Data in this exercise: Begin
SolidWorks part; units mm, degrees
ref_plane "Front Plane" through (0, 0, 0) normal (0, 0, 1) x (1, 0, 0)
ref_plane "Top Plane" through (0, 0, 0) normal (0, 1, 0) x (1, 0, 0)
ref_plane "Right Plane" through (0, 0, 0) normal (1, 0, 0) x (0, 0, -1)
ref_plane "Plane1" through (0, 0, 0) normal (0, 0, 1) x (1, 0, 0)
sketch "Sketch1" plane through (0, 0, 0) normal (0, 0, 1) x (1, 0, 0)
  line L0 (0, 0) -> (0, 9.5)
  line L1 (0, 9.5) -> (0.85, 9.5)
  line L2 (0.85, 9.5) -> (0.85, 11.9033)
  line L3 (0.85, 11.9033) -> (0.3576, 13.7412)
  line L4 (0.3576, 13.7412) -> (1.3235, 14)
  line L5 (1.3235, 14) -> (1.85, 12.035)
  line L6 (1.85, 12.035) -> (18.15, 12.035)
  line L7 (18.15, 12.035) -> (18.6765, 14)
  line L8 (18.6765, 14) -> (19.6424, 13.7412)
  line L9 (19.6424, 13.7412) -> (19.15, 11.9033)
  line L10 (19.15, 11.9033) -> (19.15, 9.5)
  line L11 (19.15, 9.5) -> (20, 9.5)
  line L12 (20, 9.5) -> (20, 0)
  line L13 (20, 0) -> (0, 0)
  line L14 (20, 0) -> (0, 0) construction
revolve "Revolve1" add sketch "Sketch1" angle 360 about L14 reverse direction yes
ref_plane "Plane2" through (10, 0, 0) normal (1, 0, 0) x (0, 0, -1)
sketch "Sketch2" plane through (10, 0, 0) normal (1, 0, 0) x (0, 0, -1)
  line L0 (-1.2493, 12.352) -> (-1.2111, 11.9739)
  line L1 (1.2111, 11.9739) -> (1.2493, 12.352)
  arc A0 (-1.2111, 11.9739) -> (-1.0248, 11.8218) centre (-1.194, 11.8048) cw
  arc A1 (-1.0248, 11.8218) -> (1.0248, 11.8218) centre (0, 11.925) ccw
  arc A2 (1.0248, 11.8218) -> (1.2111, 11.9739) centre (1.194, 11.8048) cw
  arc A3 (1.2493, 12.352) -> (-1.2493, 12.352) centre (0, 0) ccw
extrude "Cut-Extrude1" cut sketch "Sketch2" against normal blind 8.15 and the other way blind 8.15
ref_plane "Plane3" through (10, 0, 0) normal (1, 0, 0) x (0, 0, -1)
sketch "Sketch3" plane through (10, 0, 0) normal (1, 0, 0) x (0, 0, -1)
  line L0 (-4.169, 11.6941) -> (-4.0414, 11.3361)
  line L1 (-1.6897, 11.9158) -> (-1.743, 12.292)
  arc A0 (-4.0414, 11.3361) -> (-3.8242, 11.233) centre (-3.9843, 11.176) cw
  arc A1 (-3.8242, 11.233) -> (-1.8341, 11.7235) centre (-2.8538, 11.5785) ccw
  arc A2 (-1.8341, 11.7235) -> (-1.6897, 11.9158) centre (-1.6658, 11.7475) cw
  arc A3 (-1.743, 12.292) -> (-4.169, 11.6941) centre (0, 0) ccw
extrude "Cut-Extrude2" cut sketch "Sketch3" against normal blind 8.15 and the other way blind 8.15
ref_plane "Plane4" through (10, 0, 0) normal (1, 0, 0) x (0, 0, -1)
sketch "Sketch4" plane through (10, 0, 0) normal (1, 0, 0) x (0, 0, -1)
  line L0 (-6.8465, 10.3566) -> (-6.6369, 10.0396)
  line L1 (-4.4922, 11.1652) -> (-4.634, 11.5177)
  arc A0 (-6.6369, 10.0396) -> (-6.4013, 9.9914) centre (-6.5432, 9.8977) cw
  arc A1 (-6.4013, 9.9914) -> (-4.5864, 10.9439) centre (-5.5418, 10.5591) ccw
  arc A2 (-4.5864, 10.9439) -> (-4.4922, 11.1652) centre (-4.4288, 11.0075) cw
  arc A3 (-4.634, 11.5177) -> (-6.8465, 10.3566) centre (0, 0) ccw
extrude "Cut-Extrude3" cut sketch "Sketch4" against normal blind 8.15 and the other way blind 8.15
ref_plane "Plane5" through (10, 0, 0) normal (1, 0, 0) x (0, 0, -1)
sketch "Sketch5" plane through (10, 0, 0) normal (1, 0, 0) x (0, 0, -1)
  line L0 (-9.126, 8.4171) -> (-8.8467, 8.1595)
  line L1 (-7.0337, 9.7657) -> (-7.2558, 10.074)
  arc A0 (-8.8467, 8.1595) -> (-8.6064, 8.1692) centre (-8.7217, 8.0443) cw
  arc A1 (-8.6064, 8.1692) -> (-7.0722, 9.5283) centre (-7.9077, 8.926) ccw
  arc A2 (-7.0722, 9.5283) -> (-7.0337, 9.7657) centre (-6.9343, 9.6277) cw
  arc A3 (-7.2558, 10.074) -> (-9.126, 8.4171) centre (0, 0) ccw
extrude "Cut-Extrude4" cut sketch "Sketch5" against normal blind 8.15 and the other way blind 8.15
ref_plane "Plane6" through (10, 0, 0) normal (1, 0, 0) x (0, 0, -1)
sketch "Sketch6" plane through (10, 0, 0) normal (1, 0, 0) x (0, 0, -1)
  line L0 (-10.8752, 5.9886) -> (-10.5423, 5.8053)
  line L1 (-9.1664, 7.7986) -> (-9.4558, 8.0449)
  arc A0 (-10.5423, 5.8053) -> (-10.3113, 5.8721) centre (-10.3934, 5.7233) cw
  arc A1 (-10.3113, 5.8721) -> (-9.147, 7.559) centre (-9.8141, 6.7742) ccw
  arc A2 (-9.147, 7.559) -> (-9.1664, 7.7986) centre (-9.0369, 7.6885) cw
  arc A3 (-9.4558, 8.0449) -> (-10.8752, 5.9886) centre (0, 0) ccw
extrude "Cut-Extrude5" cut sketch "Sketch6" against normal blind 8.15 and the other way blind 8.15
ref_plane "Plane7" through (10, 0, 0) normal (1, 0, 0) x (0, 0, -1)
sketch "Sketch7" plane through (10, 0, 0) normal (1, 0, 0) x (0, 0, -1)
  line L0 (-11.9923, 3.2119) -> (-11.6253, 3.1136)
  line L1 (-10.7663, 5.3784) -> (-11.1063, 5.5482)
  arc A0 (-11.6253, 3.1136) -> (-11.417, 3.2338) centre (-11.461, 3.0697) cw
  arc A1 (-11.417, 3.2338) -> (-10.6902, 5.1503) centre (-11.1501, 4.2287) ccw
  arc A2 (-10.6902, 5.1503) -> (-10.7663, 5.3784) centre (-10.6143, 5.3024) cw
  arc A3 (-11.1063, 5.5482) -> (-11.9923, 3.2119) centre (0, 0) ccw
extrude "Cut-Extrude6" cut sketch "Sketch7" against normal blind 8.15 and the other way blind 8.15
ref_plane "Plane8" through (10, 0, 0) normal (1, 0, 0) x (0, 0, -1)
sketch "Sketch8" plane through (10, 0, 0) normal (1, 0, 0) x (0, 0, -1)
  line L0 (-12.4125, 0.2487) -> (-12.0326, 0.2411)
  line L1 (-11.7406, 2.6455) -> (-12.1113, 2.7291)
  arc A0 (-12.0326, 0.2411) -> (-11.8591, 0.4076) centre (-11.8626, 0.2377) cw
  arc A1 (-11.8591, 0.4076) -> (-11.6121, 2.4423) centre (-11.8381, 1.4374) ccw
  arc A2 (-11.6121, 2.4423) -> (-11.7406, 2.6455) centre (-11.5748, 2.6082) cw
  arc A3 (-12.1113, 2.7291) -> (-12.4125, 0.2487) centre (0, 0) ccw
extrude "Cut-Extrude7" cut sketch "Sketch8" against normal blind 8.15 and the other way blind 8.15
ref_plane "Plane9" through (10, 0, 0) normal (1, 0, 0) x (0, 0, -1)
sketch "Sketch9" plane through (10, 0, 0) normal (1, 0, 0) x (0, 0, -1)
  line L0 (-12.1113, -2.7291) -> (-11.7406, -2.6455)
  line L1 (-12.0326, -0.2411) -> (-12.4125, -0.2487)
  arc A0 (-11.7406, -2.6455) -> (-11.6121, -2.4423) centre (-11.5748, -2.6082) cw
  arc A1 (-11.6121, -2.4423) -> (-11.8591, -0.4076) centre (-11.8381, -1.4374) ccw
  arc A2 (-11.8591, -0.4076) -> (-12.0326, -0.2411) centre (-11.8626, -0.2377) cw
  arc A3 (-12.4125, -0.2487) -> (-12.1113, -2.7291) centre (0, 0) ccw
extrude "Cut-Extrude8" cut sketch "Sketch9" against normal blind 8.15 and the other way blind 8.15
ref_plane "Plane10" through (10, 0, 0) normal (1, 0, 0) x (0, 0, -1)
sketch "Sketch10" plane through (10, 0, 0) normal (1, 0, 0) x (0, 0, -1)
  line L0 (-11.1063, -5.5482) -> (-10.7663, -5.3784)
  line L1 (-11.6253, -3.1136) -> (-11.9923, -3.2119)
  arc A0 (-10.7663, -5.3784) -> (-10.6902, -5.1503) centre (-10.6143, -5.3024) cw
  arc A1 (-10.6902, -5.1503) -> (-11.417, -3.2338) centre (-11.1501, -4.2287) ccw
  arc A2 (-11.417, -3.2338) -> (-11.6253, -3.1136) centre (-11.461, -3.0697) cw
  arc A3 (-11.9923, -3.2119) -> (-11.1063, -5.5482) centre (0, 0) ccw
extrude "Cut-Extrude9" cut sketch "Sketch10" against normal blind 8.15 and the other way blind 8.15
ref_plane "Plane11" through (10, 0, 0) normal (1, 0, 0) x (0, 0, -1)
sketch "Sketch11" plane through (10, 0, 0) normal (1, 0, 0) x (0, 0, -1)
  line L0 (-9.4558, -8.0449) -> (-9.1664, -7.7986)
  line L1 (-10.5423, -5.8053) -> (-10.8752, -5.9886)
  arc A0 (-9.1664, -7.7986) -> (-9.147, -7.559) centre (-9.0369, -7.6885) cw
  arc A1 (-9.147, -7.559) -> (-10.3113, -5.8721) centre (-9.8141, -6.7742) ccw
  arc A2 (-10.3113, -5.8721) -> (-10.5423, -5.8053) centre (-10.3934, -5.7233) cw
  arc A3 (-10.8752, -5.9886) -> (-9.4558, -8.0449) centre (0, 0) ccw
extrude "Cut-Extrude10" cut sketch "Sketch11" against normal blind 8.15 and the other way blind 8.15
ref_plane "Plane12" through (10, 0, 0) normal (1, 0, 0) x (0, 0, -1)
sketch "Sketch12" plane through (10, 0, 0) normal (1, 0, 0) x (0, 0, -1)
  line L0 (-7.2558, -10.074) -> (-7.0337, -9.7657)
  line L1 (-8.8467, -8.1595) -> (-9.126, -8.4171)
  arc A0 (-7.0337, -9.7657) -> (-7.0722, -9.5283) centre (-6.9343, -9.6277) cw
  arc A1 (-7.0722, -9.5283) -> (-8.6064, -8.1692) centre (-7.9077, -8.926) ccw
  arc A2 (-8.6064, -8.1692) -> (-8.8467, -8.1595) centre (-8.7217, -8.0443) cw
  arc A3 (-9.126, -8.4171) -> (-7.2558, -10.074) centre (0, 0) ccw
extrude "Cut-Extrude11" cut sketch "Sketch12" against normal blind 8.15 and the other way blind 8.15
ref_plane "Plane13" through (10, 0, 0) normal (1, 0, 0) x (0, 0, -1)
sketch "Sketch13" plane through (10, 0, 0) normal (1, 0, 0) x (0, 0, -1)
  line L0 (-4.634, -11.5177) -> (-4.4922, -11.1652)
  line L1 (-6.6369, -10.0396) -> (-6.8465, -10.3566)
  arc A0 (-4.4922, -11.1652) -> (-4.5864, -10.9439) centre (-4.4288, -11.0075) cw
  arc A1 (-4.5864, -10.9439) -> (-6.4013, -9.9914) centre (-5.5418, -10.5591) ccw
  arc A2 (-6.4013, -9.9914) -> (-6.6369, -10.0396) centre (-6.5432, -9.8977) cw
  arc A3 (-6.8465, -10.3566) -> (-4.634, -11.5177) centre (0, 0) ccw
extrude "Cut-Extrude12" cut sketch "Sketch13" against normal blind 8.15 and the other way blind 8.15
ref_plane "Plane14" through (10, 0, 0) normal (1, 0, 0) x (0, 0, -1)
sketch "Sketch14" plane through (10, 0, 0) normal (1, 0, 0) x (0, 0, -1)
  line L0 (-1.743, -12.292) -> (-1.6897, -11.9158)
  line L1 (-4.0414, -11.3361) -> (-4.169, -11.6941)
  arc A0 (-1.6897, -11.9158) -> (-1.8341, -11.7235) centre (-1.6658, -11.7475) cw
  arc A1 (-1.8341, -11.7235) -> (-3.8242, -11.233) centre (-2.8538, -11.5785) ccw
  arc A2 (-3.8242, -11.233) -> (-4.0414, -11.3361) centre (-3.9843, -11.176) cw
Data in this exercise: End
How to complete this task: All that should be written out is the stretch of lines above between the one holding "line L1 (-6.6369, -10.0396)" and the one holding "arc A1 (-4.5864, -10.9439)", inclusive, exactly as given.

Completed task:
  line L1 (-6.6369, -10.0396) -> (-6.8465, -10.3566)
  arc A0 (-4.4922, -11.1652) -> (-4.5864, -10.9439) centre (-4.4288, -11.0075) cw
  arc A1 (-4.5864, -10.9439) -> (-6.4013, -9.9914) centre (-5.5418, -10.5591) ccw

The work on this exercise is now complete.